Linear dimension reduction and feature extraction

Introduction

In machine learning and statistics, dimensionality reduction or dimension reduction is the process of reducing the number of features under consideration, and can be divided into feature selection (not addressed here) and feature extraction.

Feature extraction starts from an initial set of measured data and builds derived values (features) intended to be informative and non-redundant, facilitating the subsequent learning and generalization steps, and in some cases leading to better human interpretations. Feature extraction is related to dimensionality reduction.

The input matrix \(\mathbf{X}\), of dimension \(N \times P\), is

\[\begin{split}\begin{bmatrix} x_{11} & \ldots & x_{1P}\\ & & \\ \vdots & \mathbf{X} & \vdots\\ & & \\ x_{N1} & \ldots & x_{NP} \end{bmatrix}\end{split}\]

where the rows represent the samples and columns represent the variables.
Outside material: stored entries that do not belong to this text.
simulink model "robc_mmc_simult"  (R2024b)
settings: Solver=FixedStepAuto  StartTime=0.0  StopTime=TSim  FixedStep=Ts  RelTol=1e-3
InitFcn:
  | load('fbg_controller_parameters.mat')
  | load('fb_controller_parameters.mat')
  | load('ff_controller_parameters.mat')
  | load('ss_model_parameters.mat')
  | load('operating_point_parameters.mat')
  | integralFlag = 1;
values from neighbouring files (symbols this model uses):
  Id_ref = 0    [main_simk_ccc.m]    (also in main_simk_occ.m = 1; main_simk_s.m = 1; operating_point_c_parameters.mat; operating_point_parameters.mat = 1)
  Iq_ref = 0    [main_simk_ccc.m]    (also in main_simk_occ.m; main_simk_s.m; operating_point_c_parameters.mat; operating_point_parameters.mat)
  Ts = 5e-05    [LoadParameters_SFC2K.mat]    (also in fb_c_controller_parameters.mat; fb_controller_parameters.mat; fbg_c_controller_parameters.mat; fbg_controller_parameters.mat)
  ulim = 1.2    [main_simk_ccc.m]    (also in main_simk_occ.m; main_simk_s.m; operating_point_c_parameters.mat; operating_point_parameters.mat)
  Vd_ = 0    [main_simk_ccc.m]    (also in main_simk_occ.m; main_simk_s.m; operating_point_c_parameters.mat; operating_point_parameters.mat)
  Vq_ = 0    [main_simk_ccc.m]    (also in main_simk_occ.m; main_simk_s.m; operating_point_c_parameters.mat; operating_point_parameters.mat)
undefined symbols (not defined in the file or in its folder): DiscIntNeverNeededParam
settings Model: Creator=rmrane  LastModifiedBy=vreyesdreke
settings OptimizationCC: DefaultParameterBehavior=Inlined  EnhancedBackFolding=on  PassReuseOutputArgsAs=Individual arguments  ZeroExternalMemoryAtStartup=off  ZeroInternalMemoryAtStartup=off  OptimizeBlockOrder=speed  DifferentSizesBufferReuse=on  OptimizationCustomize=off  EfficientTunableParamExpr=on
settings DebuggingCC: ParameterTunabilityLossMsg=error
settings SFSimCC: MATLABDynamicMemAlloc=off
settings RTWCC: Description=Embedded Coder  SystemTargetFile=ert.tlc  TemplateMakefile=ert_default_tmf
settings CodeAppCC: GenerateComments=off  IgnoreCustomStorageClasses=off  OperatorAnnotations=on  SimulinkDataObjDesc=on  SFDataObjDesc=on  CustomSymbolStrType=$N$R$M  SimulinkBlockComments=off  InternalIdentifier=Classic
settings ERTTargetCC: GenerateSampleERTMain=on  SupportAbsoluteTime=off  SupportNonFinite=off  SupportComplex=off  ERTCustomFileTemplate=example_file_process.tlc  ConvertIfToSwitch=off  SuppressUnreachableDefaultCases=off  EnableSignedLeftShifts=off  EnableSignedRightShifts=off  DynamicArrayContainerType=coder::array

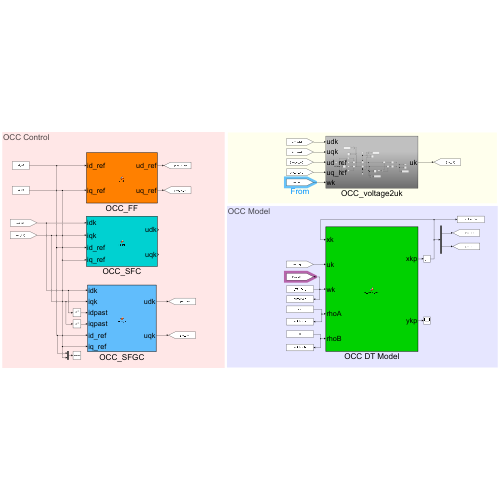
[thumbnail: Simulink's stored preview of the top-level diagram]
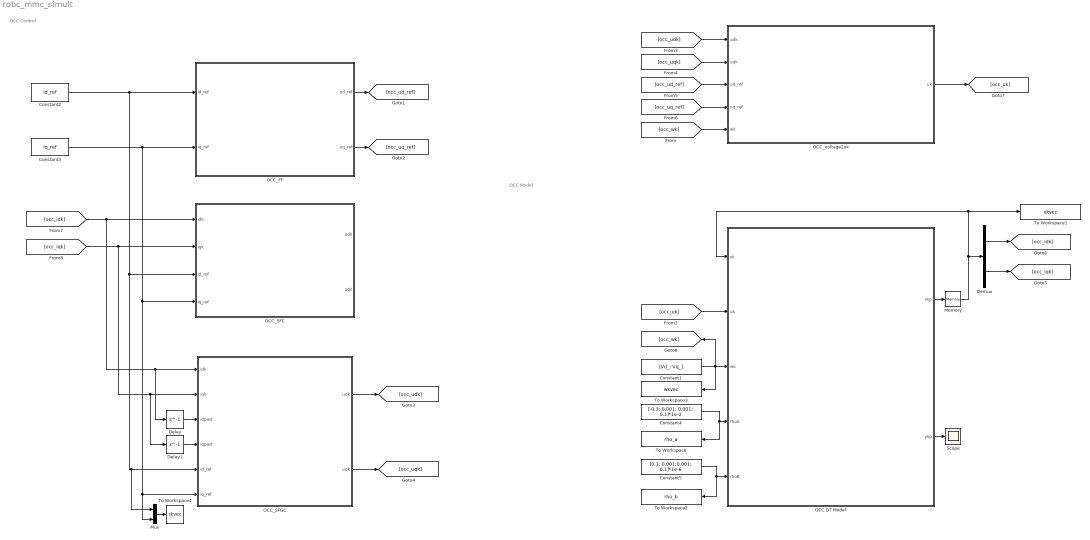
== system robc_mmc_simult ==
  note: OCC Model
  note: OCC Control
  Constant1 : Constant  Value=[Vd_; Vq_]  SampleTime=Ts
  Constant2 : Constant  Value=Id_ref  SampleTime=Ts
  Constant3 : Constant  Value=Iq_ref  SampleTime=Ts
  Constant4 : Constant  Value=[-0.3; 0.001; 0.001; 0.1]*1e-2  SampleTime=Ts
  Constant5 : Constant  Value=[0.1; 0.001;0.001; 0.1]*1e-6  SampleTime=Ts
  Delay : Delay  DelayLength=1  InputProcessing=Columns as channels (frame based)  SampleTime=Ts
  Delay1 : Delay  DelayLength=1  InputProcessing=Columns as channels (frame based)  SampleTime=Ts
  Demux : Demux  Outputs=2
  Memory : Memory  InheritSampleTime=on  LinearizeAsDelay=on
  Mux : Mux  Inputs=2
  OCC DT Model : MATLAB Function  TreatAsAtomicUnit=on
  OCC_FF : MATLAB Function  TreatAsAtomicUnit=on
  OCC_SFC : MATLAB Function  TreatAsAtomicUnit=on
  OCC_SFGC : MATLAB Function  TreatAsAtomicUnit=on
  OCC_voltage2uk : Subsystem
  Scope : Scope
  To Workspace : ToWorkspace  VariableName=rho_a  SampleTime=Ts
      settings: Save2DSignal=2-D array (concatenate along first dimension)
  To Workspace1 : ToWorkspace  VariableName=xkvec  SampleTime=Ts
      settings: Save2DSignal=2-D array (concatenate along first dimension)
  To Workspace2 : ToWorkspace  VariableName=rho_b  SampleTime=Ts
      settings: Save2DSignal=2-D array (concatenate along first dimension)
  To Workspace3 : ToWorkspace  VariableName=wkvec  SampleTime=Ts
      settings: Save2DSignal=2-D array (concatenate along first dimension)
  To Workspace4 : ToWorkspace  VariableName=rkvec  SampleTime=Ts
      settings: Save2DSignal=2-D array (concatenate along first dimension)
  wires:
  Constant1/1 -> [occ_wk], To Workspace3/1, OCC DT Model/3(wk)
  OCC DT Model/1(xkp) -> Memory/1
  OCC_FF/1(ud_ref) -> [occ_ud_ref]
  OCC_FF/2(uq_ref) -> [occ_uq_ref]
  Constant2/1 -> OCC_FF/1(id_ref), Mux/1, OCC_SFGC/5(id_ref), OCC_SFC/3(id_ref)
  Constant3/1 -> OCC_FF/2(iq_ref), Mux/2, OCC_SFGC/6(iq_ref), OCC_SFC/4(iq_ref)
  Memory/1 -> Demux/1, To Workspace1/1, OCC DT Model/1(xk)
  Demux/2 -> [occ_iqk]
  Demux/1 -> [occ_idk]
  OCC_voltage2uk/1(uk) -> [occ_uk]
  [occ_uk] -> OCC DT Model/2(uk)
  [occ_udk] -> OCC_voltage2uk/1(udk)
  [occ_uqk] -> OCC_voltage2uk/2(uqk)
  [occ_ud_ref] -> OCC_voltage2uk/3(ud_ref)
  [occ_uq_ref] -> OCC_voltage2uk/4(uq_ref)
  [occ_idk] -> Delay/1, OCC_SFGC/1(idk), OCC_SFC/1(idk)
  [occ_iqk] -> Delay1/1, OCC_SFGC/2(iqk), OCC_SFC/2(iqk)
  Constant4/1 -> To Workspace/1, OCC DT Model/4(rhoA)
  Constant5/1 -> To Workspace2/1, OCC DT Model/5(rhoB)
  OCC DT Model/2(ykp) -> Scope/1
  Delay/1 -> OCC_SFGC/3(idpast)
  Delay1/1 -> OCC_SFGC/4(iqpast)
  OCC_SFGC/2(uqk) -> [occ_uqk]
  OCC_SFGC/1(udk) -> [occ_udk]
  Mux/1 -> To Workspace4/1
  [occ_wk] -> OCC_voltage2uk/5(wk)

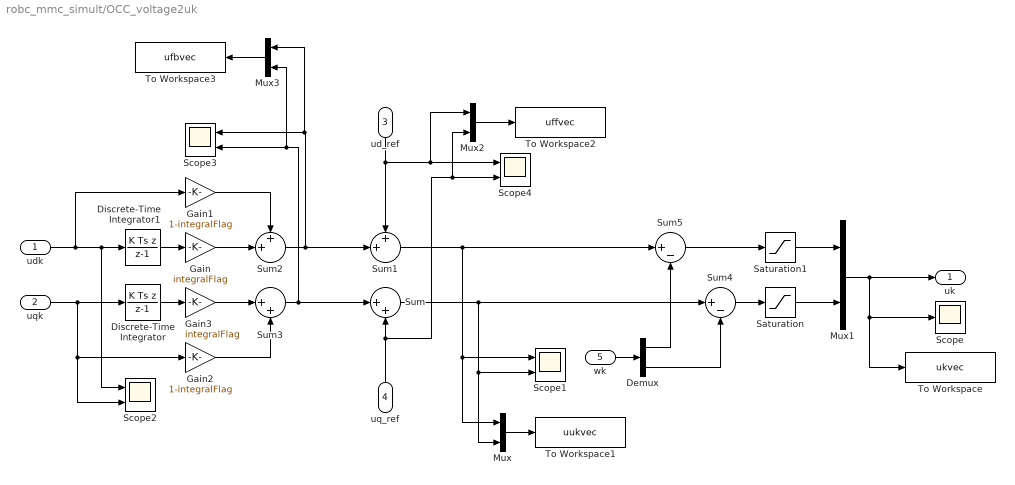
== system robc_mmc_simult/OCC_voltage2uk ==
  udk : Inport
  uqk : Inport  Port=2
  ud_ref : Inport  Port=3
  uq_ref : Inport  Port=4
  wk : Inport  Port=5
  Demux : Demux  Outputs=2
  Discrete-Time Integrator : DiscreteIntegrator  IntegratorMethod=Integration: Backward Euler  gainval=1.0/Ts  SampleTime=Ts  ICPrevOutput=DiscIntNeverNeededParam  ICPrevScaledInput=DiscIntNeverNeededParam
  Discrete-Time Integrator1 : DiscreteIntegrator  IntegratorMethod=Integration: Backward Euler  gainval=1.0/Ts  SampleTime=Ts  ICPrevOutput=DiscIntNeverNeededParam  ICPrevScaledInput=DiscIntNeverNeededParam
  Gain : Gain  Gain=integralFlag
  Gain1 : Gain  Gain=1-integralFlag
  Gain2 : Gain  Gain=1-integralFlag
  Gain3 : Gain  Gain=integralFlag
  Mux{,1..3} (4 alike) : Mux  Inputs=2
  Saturation : Saturate  UpperLimit=ulim  LowerLimit=-ulim
  Saturation1 : Saturate  UpperLimit=ulim  LowerLimit=-ulim
  Scope : Scope
  Scope{1..4} (4 alike) : Scope  NumInputPorts=2
  Sum : Sum  Inputs=|++
  Sum1 : Sum  Inputs=++|
  Sum2 : Sum  Inputs=++|
  Sum3 : Sum  Inputs=|++
  Sum4 : Sum  Inputs=|+-
  Sum5 : Sum  Inputs=|+-
  To Workspace : ToWorkspace  VariableName=ukvec  SampleTime=Ts
      settings: Save2DSignal=2-D array (concatenate along first dimension)
  To Workspace1 : ToWorkspace  VariableName=uukvec  SampleTime=Ts
      settings: Save2DSignal=2-D array (concatenate along first dimension)
  To Workspace2 : ToWorkspace  VariableName=uffvec  SampleTime=Ts
      settings: Save2DSignal=2-D array (concatenate along first dimension)
  To Workspace3 : ToWorkspace  VariableName=ufbvec  SampleTime=Ts
      settings: Save2DSignal=2-D array (concatenate along first dimension)
  uk : Outport
  wires:
  Sum2/1 -> Mux3/1, Scope3/1, Sum1/2
  Gain2/1 -> Sum3/2
  uq_ref/1 -> Mux2/2, Scope4/2, Sum/2
  ud_ref/1 -> Mux2/1, Scope4/1, Sum1/1
  udk/1 -> Scope2/1, Discrete-Time Integrator1/1, Gain1/1
  Discrete-Time Integrator1/1 -> Gain/1
  Sum/1 -> Sum4/1, Mux/2, Scope1/2
  Sum3/1 -> Mux3/2, Scope3/2, Sum/1
  Saturation/1 -> Mux1/2
  Mux1/1 -> To Workspace/1, Scope/1, uk/1
  Gain/1 -> Sum2/2
  Gain3/1 -> Sum3/1
  Saturation1/1 -> Mux1/1
  Sum1/1 -> Sum5/1, Mux/1, Scope1/1
  Discrete-Time Integrator/1 -> Gain3/1
  uqk/1 -> Scope2/2, Gain2/1, Discrete-Time Integrator/1
  Gain1/1 -> Sum2/1
  Mux/1 -> To Workspace1/1
  Mux2/1 -> To Workspace2/1
  Mux3/1 -> To Workspace3/1
  wk/1 -> Demux/1
  Demux/2 -> Sum4/2
  Demux/1 -> Sum5/2
  Sum5/1 -> Saturation1/1
  Sum4/1 -> Saturation/1

== matlab function robc_mmc_simult/OCC DT Model ==
  settings: updateMethod=DISCRETE  sampleTime=Ts
  data: xk input size=2; xkp output size=2; uk input size=2; ykp output size=2; wk input size=2; rhoA input size=4; rhoB input size=4
function [xkp,ykp] = dt_model_occ(xk, uk, wk, rhoA, rhoB)
% dt_model_occ(xk, uk, wk) discrete-time model of the MMC OCC dynamics.
    m_ss = coder.load('ss_model_parameters.mat','-mat','-regexp',...
        'A','B','C','D','E');
    dA = [rhoA(1), rhoA(2); rhoA(3), rhoA(4)];
    dB = [rhoB(1), rhoB(2); rhoB(3), rhoB(4)];
    xkp = (m_ss.A+dA)*xk+(m_ss.B+dB)*uk+m_ss.E*wk;
    ykp = m_ss.C*xk;
end

== matlab function robc_mmc_simult/OCC_SFC ==
  settings: updateMethod=DISCRETE  sampleTime=Ts
  data: idk input size=1; udk output size=1; iqk input size=1; uqk output size=1; id_ref input; iq_ref input
function [udk,uqk] = oc_sfc(idk, iqk,id_ref,iq_ref)
    % oc_sfc(idk, iqk,id_ref,iq_ref) feedforward controller gain.
    m_ss = coder.load('fb_controller_parameters.mat','-mat','-regexp','Kfb');
    uk = m_ss.Kfb*([idk, iqk]'-[id_ref,iq_ref]');
    udk = uk(1);
    uqk = uk(2);
end

== matlab function robc_mmc_simult/OCC_FF ==
  settings: updateMethod=DISCRETE  sampleTime=Ts
  data: id_ref input size=1; ud_ref output size=1; iq_ref input size=1; uq_ref output size=1
function [ud_ref,uq_ref] = oc_ffc(id_ref,iq_ref)
    % oc_ffc(id_ref,iq_ref) feedforward controller gain.
    m_ss = coder.load('ff_controller_parameters.mat','-mat','-regexp','Kff');
    uss = m_ss.Kff*[id_ref,iq_ref]';
    ud_ref = uss(1);
    uq_ref = uss(2);
end

== matlab function robc_mmc_simult/OCC_SFGC ==
  settings: updateMethod=DISCRETE  sampleTime=Ts
  data: idk input size=1; udk output size=1; iqk input size=1; idpast input size=1; iqpast input size=1; uqk output size=1; id_ref input; iq_ref input
function [udk,uqk] = oc_sfgc(idk, iqk,idpast, iqpast,id_ref,iq_ref)
    % oc_sfc(idk, iqk,id_ref,iq_ref) feedforward controller gain.
    m_ss = coder.load('fbg_controller_parameters.mat','-mat','-regexp','Kfbg');
    ekvec = [(idk-idpast), (iqk-iqpast),idk,iqk]'-[0,0,id_ref,iq_ref]';
    uk = m_ss.Kfbg*ekvec;
    udk = uk(1);
    uqk = uk(2);
end

The goal is to learn a transformation that extracts a few relevant features.

Models:

  1. Linear matrix decomposition/factorisation SVD/PCA. Those models exploit the covariance \(\mathbf{\Sigma_{XX}}\) between the input features.

  2. Non-linear models based on manifold learning: Isomap, t-SNE. Those models

Singular value decomposition and matrix factorization

Matrix factorization principles

Decompose the data matrix \(\mathbf{X}_{N \times P}\) into a product of a mixing matrix \(\mathbf{U}_{N \times K}\) and a dictionary matrix \(\mathbf{V}_{P \times K}\).

\[\mathbf{X} = \mathbf{U} \mathbf{V}^{T},\]

If we consider only a subset of components \(K<rank(\mathbf{X}) < \min(P, N-1)\) , \(\mathbf{X}\) is approximated by a matrix \(\hat{\mathbf{X}}\):

\[\mathbf{X} \approx \hat{\mathbf{X}} = \mathbf{U} \mathbf{V}^{T},\]

Each line of \(\mathbf{x_i}\) is a linear combination (mixing \(\mathbf{u_i}\)) of dictionary items \(\mathbf{V}\).

\(N\) \(P\)-dimensional data points lie in a space whose dimension is less than \(N-1\) (2 dots lie on a line, 3 on a plane, etc.).

Matrix factorization

Matrix factorization

Singular value decomposition (SVD) principles

Singular-value decomposition (SVD) factorises the data matrix \(\mathbf{X}_{N \times P}\) into a product:

\[\mathbf{X} = \mathbf{U}\mathbf{D}\mathbf{V}^{T},\]

where

\[\begin{split}\begin{bmatrix} x_{11} & & x_{1P}\\ & & \\ & \mathbf{X} & \\ & & \\ x_{N1} & & x_{NP} \end{bmatrix} = \begin{bmatrix} u_{11} & & u_{1K}\\ & & \\ & \mathbf{U} & \\ & & \\ u_{N1} & & u_{NK} \end{bmatrix} \begin{bmatrix} d_{1}& & 0\\ & \mathbf{D} &\\ 0 & & d_{K} \end{bmatrix} \begin{bmatrix} v_{11}& & v_{1P}\\ & \mathbf{V}^T & \\ v_{K1}& & v_{KP} \end{bmatrix}.\end{split}\]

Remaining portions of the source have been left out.